-- WHAT YOU HAVE TO DO --
Within the listing below, please copy exactly the lines between the line holding "at (132.5, 90.0)" and the line holding "at (162.5, 87.5)", inclusive.

-- DATA RECORDS --
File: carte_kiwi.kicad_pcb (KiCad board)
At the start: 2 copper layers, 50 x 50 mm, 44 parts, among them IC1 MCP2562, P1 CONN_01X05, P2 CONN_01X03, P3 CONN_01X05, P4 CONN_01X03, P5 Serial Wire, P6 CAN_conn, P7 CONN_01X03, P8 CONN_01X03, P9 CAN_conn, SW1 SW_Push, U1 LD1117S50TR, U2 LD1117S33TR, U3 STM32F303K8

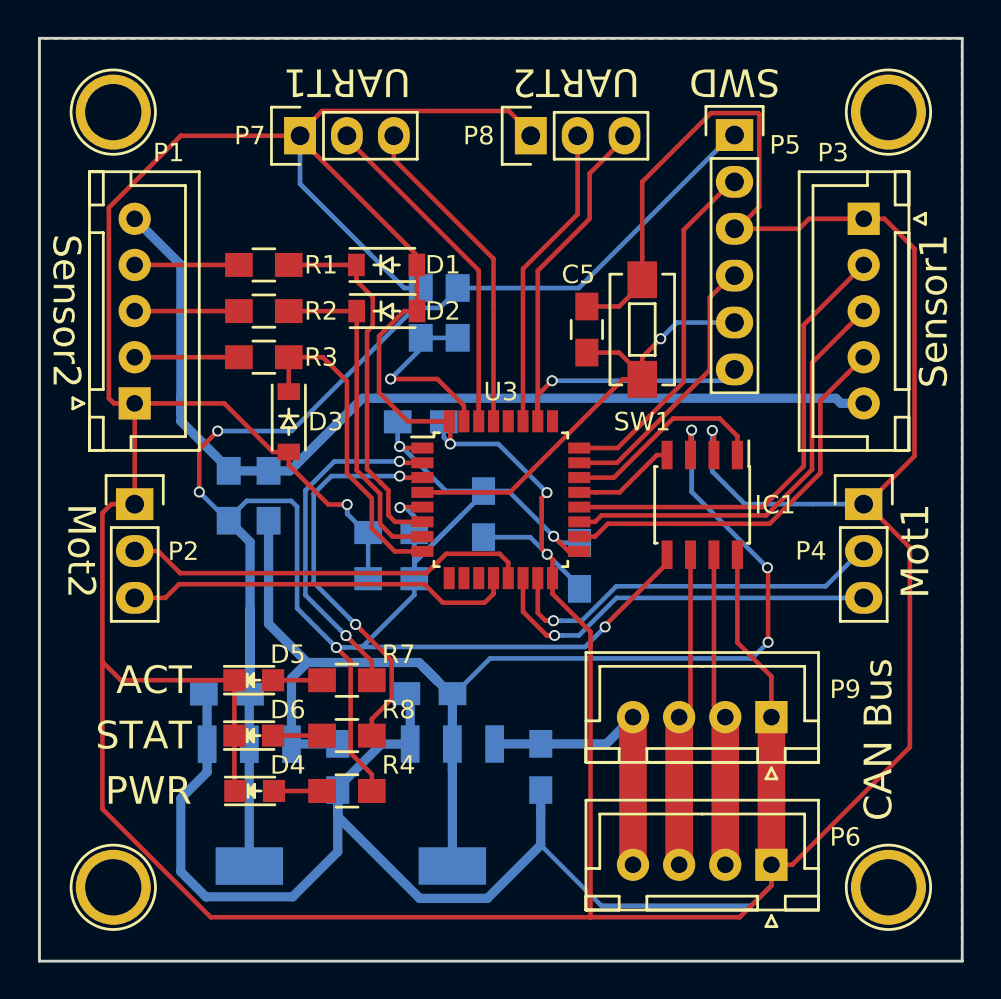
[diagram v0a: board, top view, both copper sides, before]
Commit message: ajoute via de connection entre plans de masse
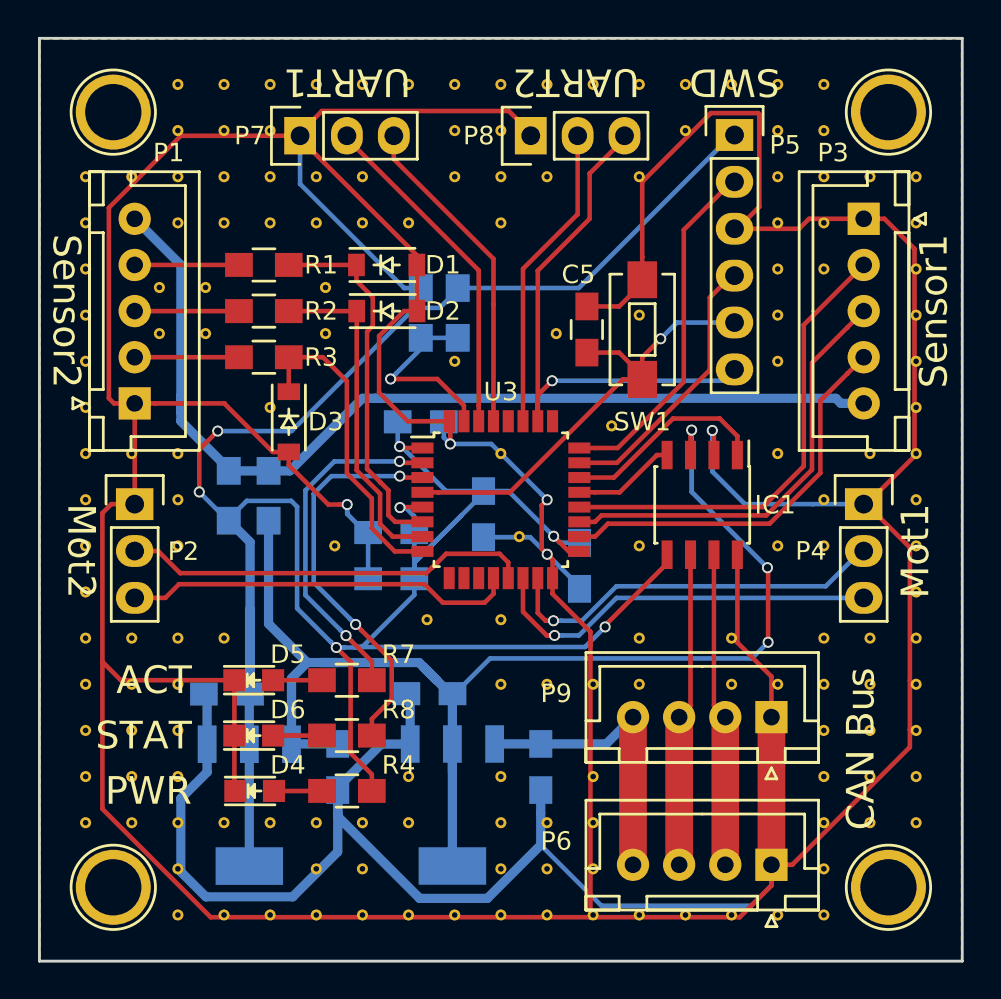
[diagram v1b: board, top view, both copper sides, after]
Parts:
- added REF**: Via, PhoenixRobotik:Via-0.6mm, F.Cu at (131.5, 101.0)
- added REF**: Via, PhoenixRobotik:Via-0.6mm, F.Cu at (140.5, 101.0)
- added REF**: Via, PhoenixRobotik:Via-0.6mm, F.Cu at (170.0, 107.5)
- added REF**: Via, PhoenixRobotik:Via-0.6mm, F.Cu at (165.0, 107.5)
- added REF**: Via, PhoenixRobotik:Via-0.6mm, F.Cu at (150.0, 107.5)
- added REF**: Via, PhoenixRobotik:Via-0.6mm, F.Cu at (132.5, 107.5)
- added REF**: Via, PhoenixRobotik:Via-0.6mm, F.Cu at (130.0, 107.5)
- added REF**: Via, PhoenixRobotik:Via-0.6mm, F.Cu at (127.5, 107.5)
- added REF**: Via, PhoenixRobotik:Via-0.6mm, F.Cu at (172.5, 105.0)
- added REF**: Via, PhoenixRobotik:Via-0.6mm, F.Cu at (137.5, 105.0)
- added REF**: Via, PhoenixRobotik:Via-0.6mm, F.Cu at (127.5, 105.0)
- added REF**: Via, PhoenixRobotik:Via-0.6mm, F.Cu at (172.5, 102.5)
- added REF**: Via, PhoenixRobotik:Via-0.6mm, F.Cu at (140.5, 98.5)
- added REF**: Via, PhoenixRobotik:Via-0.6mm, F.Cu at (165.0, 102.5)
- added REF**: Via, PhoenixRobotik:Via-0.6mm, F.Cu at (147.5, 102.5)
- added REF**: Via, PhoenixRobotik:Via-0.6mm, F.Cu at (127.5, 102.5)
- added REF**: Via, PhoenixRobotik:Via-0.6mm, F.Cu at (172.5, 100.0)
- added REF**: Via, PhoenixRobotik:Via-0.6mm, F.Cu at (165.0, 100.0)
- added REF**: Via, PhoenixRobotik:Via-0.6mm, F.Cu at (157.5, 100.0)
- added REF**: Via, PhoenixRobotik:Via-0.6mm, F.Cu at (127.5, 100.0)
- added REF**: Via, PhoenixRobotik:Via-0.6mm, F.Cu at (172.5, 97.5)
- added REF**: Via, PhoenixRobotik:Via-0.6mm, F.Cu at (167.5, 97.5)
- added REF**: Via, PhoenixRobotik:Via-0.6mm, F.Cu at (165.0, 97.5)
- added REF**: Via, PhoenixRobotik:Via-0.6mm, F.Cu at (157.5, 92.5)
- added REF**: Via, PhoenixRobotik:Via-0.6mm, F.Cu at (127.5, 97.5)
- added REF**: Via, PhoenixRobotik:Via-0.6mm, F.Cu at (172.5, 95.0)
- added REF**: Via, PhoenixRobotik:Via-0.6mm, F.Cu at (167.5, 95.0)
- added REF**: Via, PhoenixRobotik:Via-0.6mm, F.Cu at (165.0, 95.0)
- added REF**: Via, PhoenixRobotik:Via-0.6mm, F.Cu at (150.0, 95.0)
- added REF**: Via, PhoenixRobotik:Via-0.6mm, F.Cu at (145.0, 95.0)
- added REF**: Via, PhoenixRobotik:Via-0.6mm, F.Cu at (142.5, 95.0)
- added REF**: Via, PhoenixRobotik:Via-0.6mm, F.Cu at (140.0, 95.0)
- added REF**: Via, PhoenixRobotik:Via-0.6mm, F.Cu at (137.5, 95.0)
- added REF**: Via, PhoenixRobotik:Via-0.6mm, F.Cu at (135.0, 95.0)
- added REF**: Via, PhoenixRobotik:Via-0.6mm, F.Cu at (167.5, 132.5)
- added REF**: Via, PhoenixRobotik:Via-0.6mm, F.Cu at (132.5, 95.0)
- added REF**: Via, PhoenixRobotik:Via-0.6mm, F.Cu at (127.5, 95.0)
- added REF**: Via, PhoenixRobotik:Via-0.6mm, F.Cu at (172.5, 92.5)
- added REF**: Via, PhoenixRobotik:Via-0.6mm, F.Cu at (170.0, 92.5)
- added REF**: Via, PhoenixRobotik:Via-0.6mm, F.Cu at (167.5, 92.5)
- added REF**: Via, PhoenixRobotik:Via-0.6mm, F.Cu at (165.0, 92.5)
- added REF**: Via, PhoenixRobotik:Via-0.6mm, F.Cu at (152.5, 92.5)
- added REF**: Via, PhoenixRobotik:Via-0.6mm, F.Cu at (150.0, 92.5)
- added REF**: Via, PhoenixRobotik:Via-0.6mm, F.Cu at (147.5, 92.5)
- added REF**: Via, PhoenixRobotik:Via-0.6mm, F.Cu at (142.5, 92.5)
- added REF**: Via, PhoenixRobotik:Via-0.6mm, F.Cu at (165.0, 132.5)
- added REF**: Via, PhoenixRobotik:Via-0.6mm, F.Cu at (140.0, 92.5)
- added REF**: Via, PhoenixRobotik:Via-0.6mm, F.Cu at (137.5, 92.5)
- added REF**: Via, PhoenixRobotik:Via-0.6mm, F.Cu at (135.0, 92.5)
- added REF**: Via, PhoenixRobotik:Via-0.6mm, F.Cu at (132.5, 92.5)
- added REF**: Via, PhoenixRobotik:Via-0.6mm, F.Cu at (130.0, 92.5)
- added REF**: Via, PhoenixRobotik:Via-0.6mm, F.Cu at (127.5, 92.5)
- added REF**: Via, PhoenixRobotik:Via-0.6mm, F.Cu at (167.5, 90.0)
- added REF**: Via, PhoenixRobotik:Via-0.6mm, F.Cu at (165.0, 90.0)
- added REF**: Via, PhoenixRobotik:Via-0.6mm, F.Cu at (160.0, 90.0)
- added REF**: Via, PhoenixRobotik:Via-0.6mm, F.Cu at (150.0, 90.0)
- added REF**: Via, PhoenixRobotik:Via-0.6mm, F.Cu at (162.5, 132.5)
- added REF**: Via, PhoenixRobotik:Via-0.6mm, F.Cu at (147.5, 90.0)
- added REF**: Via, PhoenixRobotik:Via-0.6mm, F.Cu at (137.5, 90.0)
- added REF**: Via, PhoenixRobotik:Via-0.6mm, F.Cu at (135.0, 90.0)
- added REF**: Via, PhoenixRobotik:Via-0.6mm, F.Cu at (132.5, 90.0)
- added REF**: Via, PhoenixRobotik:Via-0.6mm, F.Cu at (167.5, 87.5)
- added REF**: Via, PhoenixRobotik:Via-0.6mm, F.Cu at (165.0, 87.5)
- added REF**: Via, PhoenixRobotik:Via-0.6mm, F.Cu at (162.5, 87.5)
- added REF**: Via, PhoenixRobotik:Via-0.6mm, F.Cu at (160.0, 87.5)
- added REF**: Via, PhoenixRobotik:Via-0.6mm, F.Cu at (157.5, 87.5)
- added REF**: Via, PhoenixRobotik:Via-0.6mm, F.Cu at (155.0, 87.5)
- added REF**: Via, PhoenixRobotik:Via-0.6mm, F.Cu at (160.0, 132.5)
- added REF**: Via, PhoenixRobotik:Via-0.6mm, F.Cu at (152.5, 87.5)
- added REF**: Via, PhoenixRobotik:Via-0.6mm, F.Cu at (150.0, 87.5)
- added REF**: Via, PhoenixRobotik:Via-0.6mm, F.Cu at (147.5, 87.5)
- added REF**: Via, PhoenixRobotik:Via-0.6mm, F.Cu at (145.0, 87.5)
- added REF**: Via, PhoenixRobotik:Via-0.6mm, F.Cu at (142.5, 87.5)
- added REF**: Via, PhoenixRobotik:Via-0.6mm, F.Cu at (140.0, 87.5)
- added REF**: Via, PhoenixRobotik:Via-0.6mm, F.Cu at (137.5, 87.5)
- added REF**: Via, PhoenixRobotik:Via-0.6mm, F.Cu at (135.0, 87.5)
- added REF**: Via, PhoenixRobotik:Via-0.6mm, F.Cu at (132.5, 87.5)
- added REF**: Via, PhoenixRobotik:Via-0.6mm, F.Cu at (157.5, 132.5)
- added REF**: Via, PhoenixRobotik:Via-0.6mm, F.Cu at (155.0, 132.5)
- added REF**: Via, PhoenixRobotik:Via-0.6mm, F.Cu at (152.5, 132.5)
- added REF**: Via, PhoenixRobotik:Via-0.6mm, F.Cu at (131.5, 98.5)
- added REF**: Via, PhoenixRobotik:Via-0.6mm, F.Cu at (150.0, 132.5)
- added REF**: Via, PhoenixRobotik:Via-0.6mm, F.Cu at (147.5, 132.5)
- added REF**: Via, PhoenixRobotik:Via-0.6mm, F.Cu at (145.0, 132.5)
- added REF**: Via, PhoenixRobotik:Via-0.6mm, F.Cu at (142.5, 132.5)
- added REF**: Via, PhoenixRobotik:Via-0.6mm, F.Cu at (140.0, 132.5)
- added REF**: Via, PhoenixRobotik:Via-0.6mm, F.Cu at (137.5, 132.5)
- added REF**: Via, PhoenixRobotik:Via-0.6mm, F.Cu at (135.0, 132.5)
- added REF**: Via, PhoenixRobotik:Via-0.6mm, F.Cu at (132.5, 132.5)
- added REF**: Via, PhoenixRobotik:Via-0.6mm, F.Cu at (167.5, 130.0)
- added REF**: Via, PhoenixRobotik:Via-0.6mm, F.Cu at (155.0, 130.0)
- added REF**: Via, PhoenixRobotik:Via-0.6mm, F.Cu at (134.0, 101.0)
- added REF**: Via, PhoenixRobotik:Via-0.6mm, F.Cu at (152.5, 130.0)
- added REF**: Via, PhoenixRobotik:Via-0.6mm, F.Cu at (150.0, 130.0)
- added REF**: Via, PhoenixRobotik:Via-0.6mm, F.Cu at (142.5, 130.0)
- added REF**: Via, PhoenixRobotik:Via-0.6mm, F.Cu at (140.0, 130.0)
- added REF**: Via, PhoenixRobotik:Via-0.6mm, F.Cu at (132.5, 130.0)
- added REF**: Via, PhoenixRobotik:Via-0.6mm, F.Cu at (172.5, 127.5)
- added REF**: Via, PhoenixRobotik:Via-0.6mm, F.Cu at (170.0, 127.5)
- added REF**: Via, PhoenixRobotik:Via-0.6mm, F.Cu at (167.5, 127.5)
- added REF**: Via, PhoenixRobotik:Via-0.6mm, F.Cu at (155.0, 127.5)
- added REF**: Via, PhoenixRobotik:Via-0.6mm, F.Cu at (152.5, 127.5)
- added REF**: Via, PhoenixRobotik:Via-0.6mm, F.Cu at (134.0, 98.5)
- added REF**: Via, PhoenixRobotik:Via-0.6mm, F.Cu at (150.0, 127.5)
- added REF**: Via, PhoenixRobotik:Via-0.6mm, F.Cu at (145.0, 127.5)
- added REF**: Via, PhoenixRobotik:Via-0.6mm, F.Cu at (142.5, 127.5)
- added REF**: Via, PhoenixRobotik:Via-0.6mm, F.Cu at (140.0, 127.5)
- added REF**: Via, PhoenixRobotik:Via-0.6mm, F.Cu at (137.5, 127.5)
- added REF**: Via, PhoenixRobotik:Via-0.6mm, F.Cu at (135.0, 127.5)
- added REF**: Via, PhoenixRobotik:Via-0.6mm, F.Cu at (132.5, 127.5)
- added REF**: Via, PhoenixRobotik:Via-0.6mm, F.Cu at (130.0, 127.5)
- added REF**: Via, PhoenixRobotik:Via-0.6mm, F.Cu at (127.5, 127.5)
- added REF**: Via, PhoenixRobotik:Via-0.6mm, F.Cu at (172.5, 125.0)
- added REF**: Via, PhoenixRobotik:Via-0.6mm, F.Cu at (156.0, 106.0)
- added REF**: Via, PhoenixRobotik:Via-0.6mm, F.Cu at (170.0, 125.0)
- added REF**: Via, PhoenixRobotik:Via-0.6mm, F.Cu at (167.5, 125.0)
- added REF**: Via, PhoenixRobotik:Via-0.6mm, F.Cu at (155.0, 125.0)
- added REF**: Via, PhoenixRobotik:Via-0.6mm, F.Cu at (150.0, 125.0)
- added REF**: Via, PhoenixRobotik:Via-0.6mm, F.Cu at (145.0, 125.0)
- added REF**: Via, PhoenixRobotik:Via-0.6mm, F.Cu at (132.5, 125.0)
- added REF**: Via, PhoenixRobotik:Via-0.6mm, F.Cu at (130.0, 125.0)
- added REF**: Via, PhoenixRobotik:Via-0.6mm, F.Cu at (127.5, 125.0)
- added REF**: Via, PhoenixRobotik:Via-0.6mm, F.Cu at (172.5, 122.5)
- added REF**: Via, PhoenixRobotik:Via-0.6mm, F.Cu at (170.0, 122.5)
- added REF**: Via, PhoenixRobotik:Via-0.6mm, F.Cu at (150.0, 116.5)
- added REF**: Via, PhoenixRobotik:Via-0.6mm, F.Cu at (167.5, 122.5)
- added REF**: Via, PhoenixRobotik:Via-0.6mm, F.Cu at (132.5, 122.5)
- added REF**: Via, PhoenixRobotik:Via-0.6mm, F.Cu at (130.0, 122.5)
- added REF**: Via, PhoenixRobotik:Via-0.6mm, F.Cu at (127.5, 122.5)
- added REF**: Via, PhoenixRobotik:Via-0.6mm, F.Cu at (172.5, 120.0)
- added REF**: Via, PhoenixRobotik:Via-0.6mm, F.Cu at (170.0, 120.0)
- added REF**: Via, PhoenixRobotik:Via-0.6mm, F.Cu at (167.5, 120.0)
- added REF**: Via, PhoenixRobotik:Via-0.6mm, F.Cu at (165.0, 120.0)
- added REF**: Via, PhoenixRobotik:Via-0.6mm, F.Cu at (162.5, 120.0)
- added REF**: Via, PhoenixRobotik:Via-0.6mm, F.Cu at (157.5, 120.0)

-- SOLUTION TO THIS TASK --
- added REF**: Via, PhoenixRobotik:Via-0.6mm, F.Cu at (132.5, 90.0)
- added REF**: Via, PhoenixRobotik:Via-0.6mm, F.Cu at (167.5, 87.5)
- added REF**: Via, PhoenixRobotik:Via-0.6mm, F.Cu at (165.0, 87.5)
- added REF**: Via, PhoenixRobotik:Via-0.6mm, F.Cu at (162.5, 87.5)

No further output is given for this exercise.